Here are some basic rules to understand about transactions. Keep note that this is the default behaviour, and the system can be configured to behave differently, depending on the needs of your system, bean, or individual methods of your beans.


Various components and parts of the EJB system can be part of a transaction. Examples are

  1. Session bean

  2. Message Driven Bean

  3. EntityManager (a.k.a. Persistence context)


The basic default behaviours are 1. A transaction starts at the beginning of the first EJB method call, in a chain of calls that are participating in the given transaction 1. A transaction ends at the end of the first EJB method, in the same chain 1. If a bean that has started a transaction, uses another bean, that bean will automatically use the same transaction as the calling bean.

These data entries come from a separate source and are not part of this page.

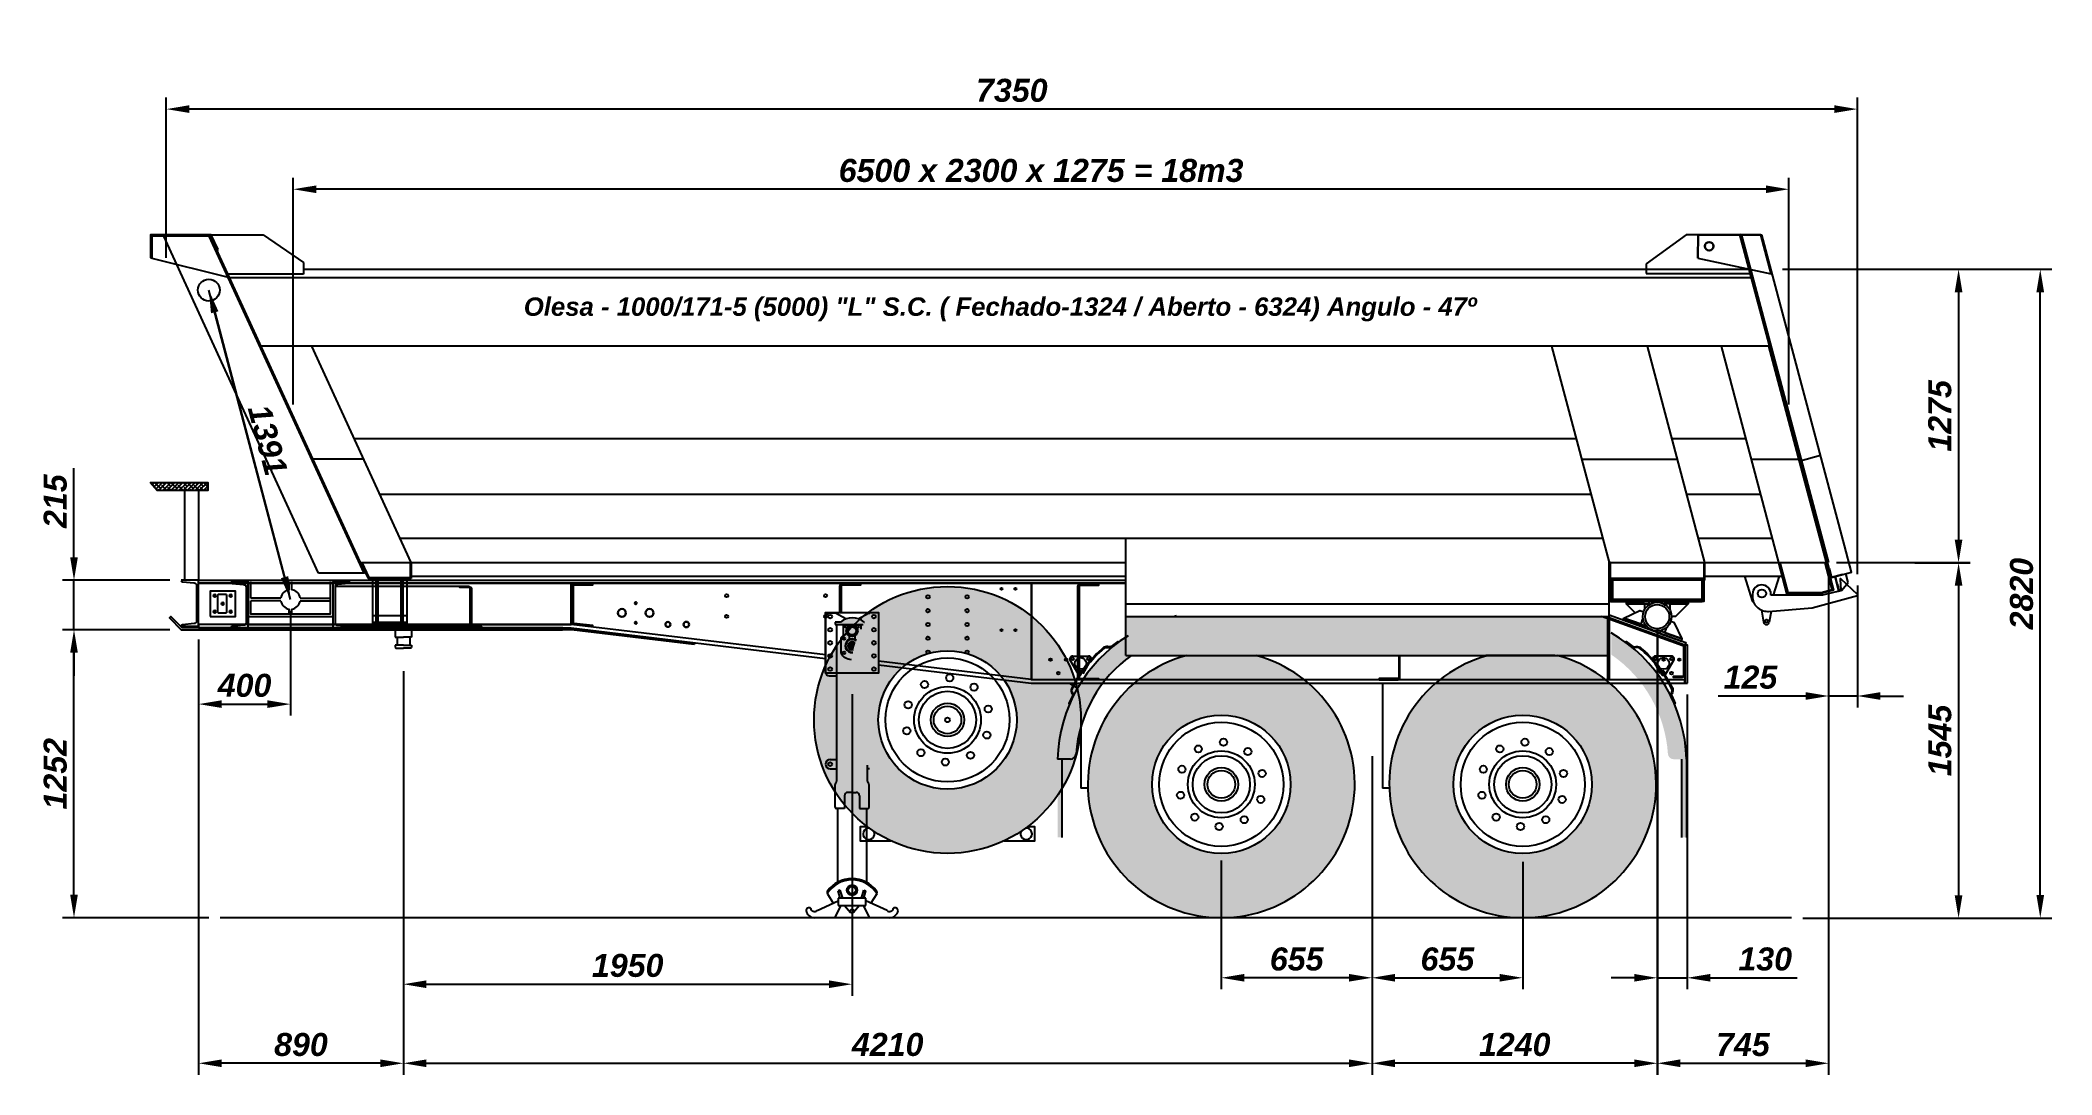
# Model space of a CAD drawing. Header units: millimetres. Extents: x 15106 to 23848, y 1374 to 5871.
import ezdxf

# ---------------------------------------------------------------- set-up
doc = ezdxf.new("R2010")
doc.units = ezdxf.units.MM
doc.linetypes.add('DASHED', pattern=[0.75, 0.5, -0.25])
doc.layers.add('1-DIM', color=7, linetype='Continuous')
doc.styles.add('bicho', font='ARIALBI.TTF')
doc.dimstyles.new('BICHO', dxfattribs={"dimscale": 100, "dimtxt": 1, "dimasz": 1, "dimexe": 0.5, "dimexo": 0.5, "dimgap": 0.3, "dimtad": 1, "dimdec": 0, "dimzin": 0, "dimdsep": 46, "dimtxsty": 'bicho', "dimcen": 1, "dimclrd": 256, "dimclre": 256, "dimclrt": 256, "dimadec": 0, "dimazin": 0, "dimtfac": 1, "dimtdec": 0, "dimtmove": 0, "dimatfit": 3, "dimfxl": 0, "dimtolj": 1, "dimtzin": 0, "dimlwd": -1, "dimlwe": -1, "dimarcsym": 0})

# ---------------------------------------------------------------- blocks, each defined once
blk = doc.blocks.new('*D17')
blk.add_line((15864, 4688.4), (16167.9, 3537.3))
for points in [[(15880.1, 4692.7), (15847.8, 4684.2), (15838.4, 4785.1)], [(16184, 3541.5), (16151.8, 3533), (16193.4, 3440.6)]]:
    blk.add_solid(points)
at = {"layer": 'DEFPOINTS', "color": 0}
for p in [(15838.4, 4785.1, 56), (16193.4, 3440.6), (16193.4, 3440.6)]:
    blk.add_point(p, dxfattribs=at)
at = {"insert": (16094.4, 4133.6), "char_height": 100, "attachment_point": 5, "rotation": 284.79129, "style": 'bicho'}
blk.add_mtext('\\A1;1391', dxfattribs=at)
blk = doc.blocks.new('*D16')
for p, q in [((23180, 4875.8), (23848.3, 4875.8)), ((23798.3, 2155.6), (23798.3, 4775.8)), ((23180, 2055.6), (23848.3, 2055.6))]:
    blk.add_line(p, q)
for points in [[(23781.6, 4775.8), (23814.9, 4775.8), (23798.3, 4875.8)], [(23781.6, 2155.6), (23814.9, 2155.6), (23798.3, 2055.6)]]:
    blk.add_solid(points)
at = {"layer": 'DEFPOINTS', "color": 0}
for p in [(23130, 4875.8), (23798.3, 4875.8), (23130, 2055.6)]:
    blk.add_point(p, dxfattribs=at)
at = {"insert": (23717.2, 3465.7), "char_height": 100, "attachment_point": 5, "rotation": 90, "style": 'bicho'}
blk.add_mtext('\\A1;2820', dxfattribs=at)
blk = doc.blocks.new('*D15')
for p, q in [((23253.2, 3599.5), (23493.2, 3599.5)), ((23443.2, 3499.5), (23443.2, 2154.6)), ((22766.9, 2054.6), (23493.2, 2054.6))]:
    blk.add_line(p, q)
for points in [[(23426.5, 3499.5), (23459.9, 3499.5), (23443.2, 3599.5)], [(23426.5, 2154.6), (23459.9, 2154.6), (23443.2, 2054.6)]]:
    blk.add_solid(points)
at = {"layer": 'DEFPOINTS', "color": 0}
for p in [(23203.2, 3599.5), (22716.9, 2054.6), (23443.2, 2054.6)]:
    blk.add_point(p, dxfattribs=at)
at = {"insert": (23362, 2827.1), "char_height": 100, "attachment_point": 5, "rotation": 90, "style": 'bicho'}
blk.add_mtext('\\A1;1545', dxfattribs=at)
blk = doc.blocks.new('*D14')
for p, q in [((16205.4, 4287.8), (16205.4, 5273.4)), ((22705.7, 4287.8), (22705.7, 5273.4)), ((22605.7, 5223.4), (16305.4, 5223.4))]:
    blk.add_line(p, q)
for points in [[(16305.4, 5240), (16305.4, 5206.7), (16205.4, 5223.4)], [(22605.7, 5240), (22605.7, 5206.7), (22705.7, 5223.4)]]:
    blk.add_solid(points)
at = {"layer": 'DEFPOINTS', "color": 0}
for p in [(16205.4, 5223.4), (16205.4, 4237.8), (22705.7, 4237.8)]:
    blk.add_point(p, dxfattribs=at)
at = {"insert": (19455.6, 5304.6), "char_height": 100, "attachment_point": 5, "style": 'bicho'}
blk.add_mtext('\\A1;6500 x 2300 x 1275 = 18m3', dxfattribs=at)
blk = doc.blocks.new('*D13')
for p, q in [((15653.4, 4924.8), (15653.4, 5621.8)), ((23003.5, 3550.8), (23003.5, 5621.8)), ((22903.5, 5571.8), (15753.4, 5571.8))]:
    blk.add_line(p, q)
for points in [[(15753.4, 5588.5), (15753.4, 5555.1), (15653.4, 5571.8)], [(22903.5, 5588.5), (22903.5, 5555.1), (23003.5, 5571.8)]]:
    blk.add_solid(points)
at = {"layer": 'DEFPOINTS', "color": 0}
for p in [(15653.4, 5571.8), (15653.4, 4874.8), (23003.5, 3500.8)]:
    blk.add_point(p, dxfattribs=at)
at = {"insert": (19328.5, 5652.9), "char_height": 100, "attachment_point": 5, "style": 'bicho'}
blk.add_mtext('\\A1;7350', dxfattribs=at)
blk = doc.blocks.new('*D12')
for p, q in [((15252.4, 3623.6), (15252.4, 4011.2)), ((15668.9, 3523.6), (15202.4, 3523.6)), ((15252.4, 3308.6), (15252.4, 3523.6)), ((15618.9, 3308.6), (15202.4, 3308.6)), ((15252.4, 3208.6), (15252.4, 3108.6))]:
    blk.add_line(p, q)
for points in [[(15235.8, 3623.6), (15269.1, 3623.6), (15252.4, 3523.6)], [(15235.8, 3208.6), (15269.1, 3208.6), (15252.4, 3308.6)]]:
    blk.add_solid(points)
at = {"layer": 'DEFPOINTS', "color": 0}
for p in [(15252.4, 3523.6), (15718.9, 3523.6), (15668.9, 3308.6)]:
    blk.add_point(p, dxfattribs=at)
at = {"insert": (15171.3, 3867.4), "char_height": 100, "attachment_point": 5, "rotation": 90, "style": 'bicho'}
blk.add_mtext('\\A1;215', dxfattribs=at)
blk = doc.blocks.new('*D11')
for p, q in [((15668.9, 3308.6), (15202.4, 3308.6)), ((15252.4, 2156.6), (15252.4, 3208.6)), ((15837.8, 2056.6), (15202.4, 2056.6))]:
    blk.add_line(p, q)
for points in [[(15235.8, 3208.6), (15269.1, 3208.6), (15252.4, 3308.6)], [(15235.8, 2156.6), (15269.1, 2156.6), (15252.4, 2056.6)]]:
    blk.add_solid(points)
at = {"layer": 'DEFPOINTS', "color": 0}
for p in [(15252.4, 3308.6), (15718.9, 3308.6), (15887.8, 2056.6)]:
    blk.add_point(p, dxfattribs=at)
at = {"insert": (15171.3, 2682.6), "char_height": 100, "attachment_point": 5, "rotation": 90, "style": 'bicho'}
blk.add_mtext('\\A1;1252', dxfattribs=at)
blk = doc.blocks.new('*D10')
for p, q in [((22878.4, 3500.8), (22878.4, 2970.6)), ((23003.5, 3500.8), (23003.5, 2970.6)), ((22778.4, 3020.6), (22398.9, 3020.6)), ((23003.5, 3020.6), (22878.4, 3020.6)), ((23103.5, 3020.6), (23203.5, 3020.6))]:
    blk.add_line(p, q)
for points in [[(22778.4, 3037.3), (22778.4, 3004), (22878.4, 3020.6)], [(23103.5, 3037.3), (23103.5, 3004), (23003.5, 3020.6)]]:
    blk.add_solid(points)
at = {"layer": 'DEFPOINTS', "color": 0}
for p in [(22878.4, 3550.8), (23003.5, 3550.8), (23003.5, 3020.6)]:
    blk.add_point(p, dxfattribs=at)
at = {"insert": (22538.7, 3101.8), "char_height": 100, "attachment_point": 5, "style": 'bicho'}
blk.add_mtext('\\A1;125', dxfattribs=at)
blk = doc.blocks.new('*D8')
for p, q in [((22133.4, 3026.6), (22133.4, 1745.7)), ((22263.6, 3026.6), (22263.6, 1745.7)), ((22033.4, 1795.7), (21933.4, 1795.7)), ((22133.4, 1795.7), (22263.6, 1795.7)), ((22363.6, 1795.7), (22742.2, 1795.7))]:
    blk.add_line(p, q)
for points in [[(22033.4, 1812.4), (22033.4, 1779.1), (22133.4, 1795.7)], [(22363.6, 1812.4), (22363.6, 1779.1), (22263.6, 1795.7)]]:
    blk.add_solid(points)
at = {"layer": 'DEFPOINTS', "color": 0}
for p in [(22133.4, 3076.6), (22263.6, 3076.6), (22133.4, 1795.7)]:
    blk.add_point(p, dxfattribs=at)
at = {"insert": (22602.9, 1876.9), "char_height": 100, "attachment_point": 5, "style": 'bicho'}
blk.add_mtext('\\A1;130', dxfattribs=at)
blk = doc.blocks.new('*D9')
for p, q in [((22878.4, 3550.8), (22878.4, 1374.1)), ((22133.4, 3315.8), (22133.4, 1374.1)), ((22233.4, 1424.1), (22778.4, 1424.1))]:
    blk.add_line(p, q)
for points in [[(22233.4, 1440.8), (22233.4, 1407.5), (22133.4, 1424.1)], [(22778.4, 1440.8), (22778.4, 1407.5), (22878.4, 1424.1)]]:
    blk.add_solid(points)
at = {"layer": 'DEFPOINTS', "color": 0}
for p in [(22878.4, 3600.8), (22133.4, 3365.8), (22878.4, 1424.1)]:
    blk.add_point(p, dxfattribs=at)
at = {"insert": (22505.9, 1505), "char_height": 100, "attachment_point": 5, "style": 'bicho'}
blk.add_mtext('\\A1;745', dxfattribs=at)
blk = doc.blocks.new('*D7')
for p, q in [((16683.9, 3028.6), (16683.9, 1717.8)), ((18633.9, 3028.6), (18633.9, 1717.8)), ((16783.9, 1767.8), (18533.9, 1767.8))]:
    blk.add_line(p, q)
for points in [[(16783.9, 1784.5), (16783.9, 1751.1), (16683.9, 1767.8)], [(18533.9, 1784.5), (18533.9, 1751.1), (18633.9, 1767.8)]]:
    blk.add_solid(points)
at = {"layer": 'DEFPOINTS', "color": 0}
for p in [(16683.9, 3078.6), (18633.9, 3078.6), (18633.9, 1767.8)]:
    blk.add_point(p, dxfattribs=at)
at = {"insert": (17658.9, 1849), "char_height": 100, "attachment_point": 5, "style": 'bicho'}
blk.add_mtext('\\A1;1950', dxfattribs=at)
blk = doc.blocks.new('*D1')
for p, q in [((15793.9, 3266.6), (15793.9, 1374.1)), ((16683.9, 3128.6), (16683.9, 1374.1)), ((16583.9, 1424.1), (15893.9, 1424.1))]:
    blk.add_line(p, q)
for points in [[(15893.9, 1440.8), (15893.9, 1407.5), (15793.9, 1424.1)], [(16583.9, 1440.8), (16583.9, 1407.5), (16683.9, 1424.1)]]:
    blk.add_solid(points)
at = {"layer": 'DEFPOINTS', "color": 0}
for p in [(15793.9, 3316.6), (16683.9, 3178.6), (15793.9, 1424.1)]:
    blk.add_point(p, dxfattribs=at)
at = {"insert": (16238.9, 1505.2), "char_height": 100, "attachment_point": 5, "style": 'bicho'}
blk.add_mtext('\\A1;890', dxfattribs=at)
blk = doc.blocks.new('*D2')
for p, q in [((16683.9, 3078.6), (16683.9, 1374.1)), ((20893.9, 2759.5), (20893.9, 1374.1)), ((16783.9, 1424.1), (20793.9, 1424.1))]:
    blk.add_line(p, q)
for points in [[(16783.9, 1440.8), (16783.9, 1407.5), (16683.9, 1424.1)], [(20793.9, 1440.8), (20793.9, 1407.5), (20893.9, 1424.1)]]:
    blk.add_solid(points)
at = {"layer": 'DEFPOINTS', "color": 0}
for p in [(16683.9, 3128.6), (20893.9, 2809.5), (20893.9, 1424.1)]:
    blk.add_point(p, dxfattribs=at)
at = {"insert": (18788.9, 1505.3), "char_height": 100, "attachment_point": 5, "style": 'bicho'}
blk.add_mtext('\\A1;4210', dxfattribs=at)
blk = doc.blocks.new('*D3')
for p, q in [((16193.4, 3390.6), (16193.4, 2935.3)), ((15793.9, 3181), (15793.9, 2935.3)), ((15893.9, 2985.3), (16093.4, 2985.3))]:
    blk.add_line(p, q)
for points in [[(15893.9, 3002), (15893.9, 2968.7), (15793.9, 2985.3)], [(16093.4, 3002), (16093.4, 2968.7), (16193.4, 2985.3)]]:
    blk.add_solid(points)
at = {"layer": 'DEFPOINTS', "color": 0}
for p in [(16193.4, 3440.6), (15793.9, 3231), (16193.4, 2985.3)]:
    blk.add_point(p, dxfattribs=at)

You can configure your beans in a variety of ways. Generally speaking, a transaction is started when a method is called, but can be configured using @TransactionAttribute(value = TransactionAttributeType.X), where X is one of…​

  1. REQUIRED - the default, which is to start a transaction if one does not exist, but to use the existing one if it has already been started.

  2. REQUIRES_NEW - the transaction is created on every call, and ends when the call is completed. Beans don’t partake in transactions created by other parts of the system.

  3. MANDATORY - a transaction must always exist prior to the call, and it will be used. It is an error otherwise

  4. NOT_SUPPORTED - component not included in the transaction

  5. SUPPORTS - transaction will be used if it exists, but will not be created if it does not exist

  6. NEVER - if a transaction exists, it is an error to call the method

@TransactionAttribute applies to both methods and entire beans. You may set one type of transaction behaviour (as seen above) on the bean, and a different one on a specific method of that same bean, which overrides the one configured for the overall bean. For instance, maybe you want to make an audit entry in the database that you are about to attempt a credit card payment. It really needs to be in it’s own transaction so that it is IMMEDIATELY committed for audit purposes, if something goes wrong with the credit card payment. So, perhaps you use MANDATORY on the bean, and REQUIRES_NEW on the method for audit logging. As soon as the method that does the audit logging is complete, the transaction is committed, and the credit card payment transaction continues on it’s way.